# Hi new to this forum, but I need help identifying a Beretta FS



## Northerner10 (Jun 30, 2011)

I am thinking of buying this pistol. It is not an Inox and the seller claims it is very rare limited production. It has a polished slide and components. It comes with factory wooden grips and was imported from Italy. I have contacted both Bereta USA and Beretta Canada, they have no record of importing the pistol. Is is legally registered, as I have checked. I am looking for the expertise of the members here to try and help me identify the pistol. I have the serial number if that helps. L18929Z
There is a couple of links to the images of the pistol. Below is a listing for the Beretta that the seller has posted. I do not want to get taken for a ride. I own Glocks and this is my first Beretta. Thanks in advance Brad

http://i1233.photobucket.com/albums/ff385/northerner10/SANY0251.jpg

http://i1233.photobucket.com/albums/ff385/northerner10/SANY0257.jpg

SS/Nickel Beretta 92FS -

--------------------------------------------------------------------------------

First of all, this is not an INOX model, but limited run of SS/Nickel Beretta 92FS (You are looking at 2500$ gun). There are only few of these in Canada and they were only produced in Italy for very limited time. In essence, this is a Nickel plated Steel II model - handling, balance and finish of this gun is WAY above INOX.

Comes exactly as it came from the factory - presentation case, wooden presentation grips, 2 SS magazines and paperwork. I will also include the OEM Beretta rubber grips.

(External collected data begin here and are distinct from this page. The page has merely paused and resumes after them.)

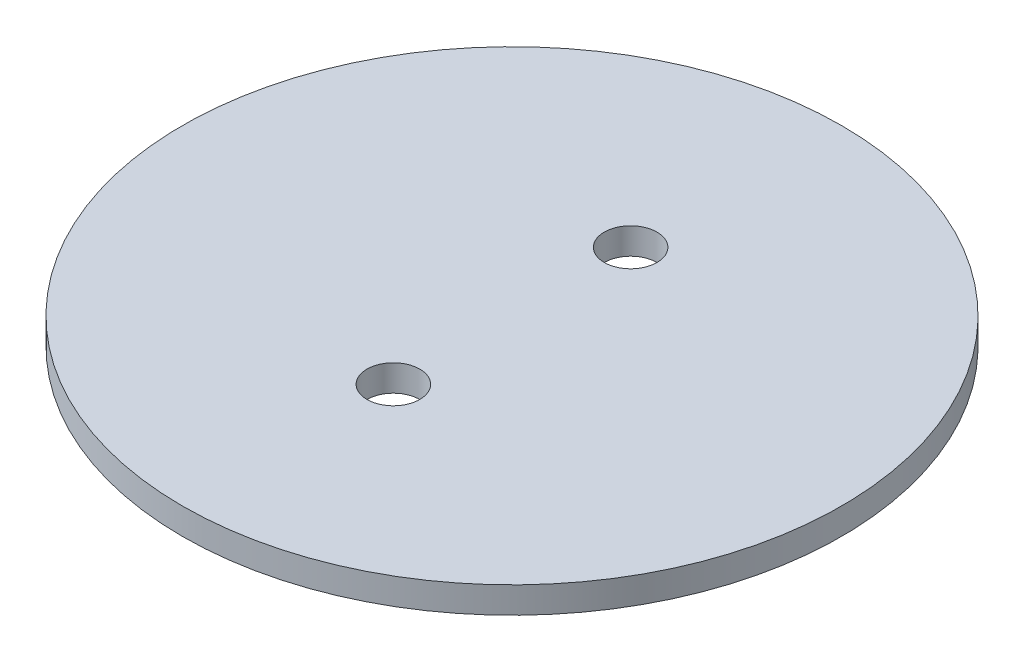
SolidWorks part; units mm, degrees
ref_plane "Front Plane" through (0, 0, 0) normal (0, 0, 1) x (1, 0, 0)
ref_plane "Top Plane" through (0, 0, 0) normal (0, 1, 0) x (1, 0, 0)
ref_plane "Right Plane" through (0, 0, 0) normal (1, 0, 0) x (0, 0, -1)
sketch "Sketch1" plane through (0, 0, 0) normal (0, 1, 0) x (1, 0, 0)
  line L0 (-28.5, 0) -> (28.5, 0) construction
  line L1 (0, 0) -> (0, 13.5)
  line L2 (0, 0) -> (0, -13.5)
  circle A0 centre (0, 0) radius 37.5
  circle A1 centre (28.5, 0) radius 3 construction
  circle A2 centre (-28.5, 0) radius 3 construction
  circle A3 centre (0, 13.5) radius 3
  circle A4 centre (0, -13.5) radius 3
  circle A5 centre (-28.5, 0) radius 6.25 construction
  circle A6 centre (0, 13.5) radius 12.5 construction
  circle A7 centre (0, -13.5) radius 12.5 construction
  circle A8 centre (28.5, 0) radius 6.25 construction
  point P11 (0, 0)
  dimension "D1" = 75
  dimension "D3" = 6
  dimension "D4" = 13.5
  dimension "D5" = 6
  dimension "D6" = 12.5
  dimension "D7" = 25
  dimension "D2" = 57
extrude "Boss-Extrude1" add sketch "Sketch1" against normal blind 3 contours A0 A4 A3 A2 A1 region at (-36.4393, 0, 0)
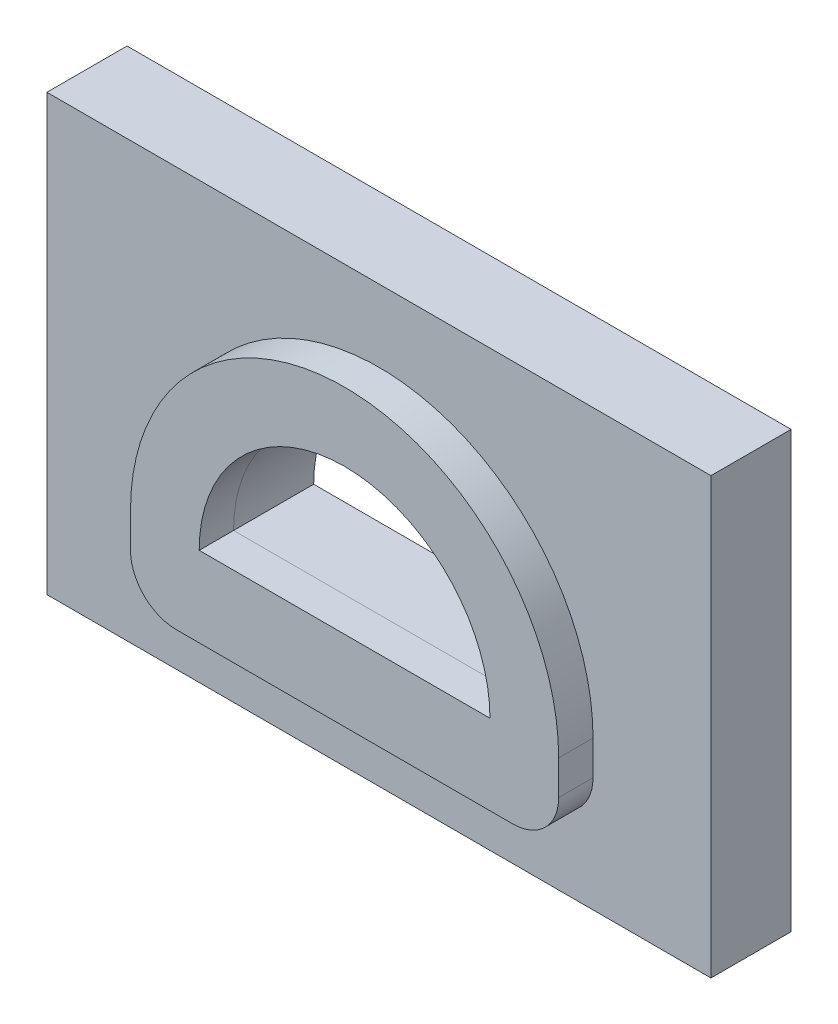
SolidWorks part; units mm, degrees
ref_plane "Front Plane" through (0, 0, 0) normal (0, 0, 1) x (1, 0, 0)
ref_plane "Top Plane" through (0, 0, 0) normal (0, 1, 0) x (1, 0, 0)
ref_plane "Right Plane" through (0, 0, 0) normal (1, 0, 0) x (0, 0, -1)
sketch "Sketch1" plane through (0, 0, 0) normal (0, 0, 1) x (1, 0, 0)
  line L0 (-4.2, 0) -> (8.5, 0)
  line L1 (-7.2, 0) -> (-7.2, -3.5)
  line L2 (-7.2, -3.5) -> (11.5, -3.5)
  line L3 (11.5, -3.5) -> (11.5, 0)
  line L5 (-12.35, 12.5) -> (16.65, 12.5)
  line L6 (-12.35, 12.5) -> (-12.35, -6.5)
  line L7 (-12.35, -6.5) -> (16.65, -6.5)
  line L8 (16.65, 12.5) -> (16.65, -6.5)
  arc A0 (8.5, 0) -> (-4.2, 0) centre (2.15, 0) ccw
  arc A1 (11.5, 0) -> (-7.2, 0) centre (2.15, 0) ccw
  point P2 (2.15, -6.5)
  dimension "D1" = 12.7
  dimension "D3" = 3.5
  dimension "D4" = 29
  dimension "D5" = 6.5
  dimension "D7" = 19
  dimension "D2" = 3
extrude "cap alignment lip" add sketch "Sketch1" along normal blind 1.5 contours L3 A1 L1 L2 A0 L0 region at (2.15, 9.1231, 0)
extrude "cap body" add sketch "Sketch1<3>" against normal blind 3.5 separate body contours L8 L5 L6 L7 A1 L3 L2 L1 | L3 A1 L1 L2 A0 L0 region at (2.15, 9.1231, 0) region at (2.15, 12.1533, 0)
sketch "Sketch1<3>" plane through (0, 0, 0) normal (0, 0, 1) x (1, 0, 0) same geometry as "Sketch1"
fillet "lip corner fillet" radius 2 2 edges at (-7.2, -3.5, 0.75) (11.5, -3.5, 0.75)

Round count is under 500 and gun is MINT except one small mark on the top of the slide (see last picture) and that mark is the reason for the low price.


----------



## Shipwreck (Jan 26, 2006)

Go ask at the Beretta Forum website - all the experts are there and can help you.


----------



## denner (Jun 3, 2011)

Be careful, that serial # does not exist on Beretta's or Taurus's website. My first impression would be that the frame was made by neither. If the seller says it's worth 2,500 but because of a scatch he's willing to take less? Looks very nice, but it could be as fishy as an Italian sardine, or gold? The "L" designation does not correspond to any imported Italian Beretta's that I can see. The "Z" at the end would designate 9mm on older 92's made in the U.S., but according to Beretta, Italian made 92's can start with any letter and end with any letter? Looks like you got a mystery on your hands, if you find out let us know.


----------



## Shipwreck (Jan 26, 2006)

denner said:


> Be careful, that serial # does not exist on Beretta's or Taurus's website.


That doesn't mean anything. There is a place to look it up on at the Beretta website. I've seen the link at the Beretta Forum. The database is far from complete. I have 8 Beretta 92s that I bought new. Only 3 of them showed up in that database. Many others have complained about the same thing about the database. So, that's far from an issue.


----------



## Shipwreck (Jan 26, 2006)

I see you are on the Beretta Forum. Yes, it appears to be a regular Inox model.


----------



## denner (Jun 3, 2011)

Learned something!


----------



## wolverine (May 6, 2011)

I think it is a regular Inox too ...


----------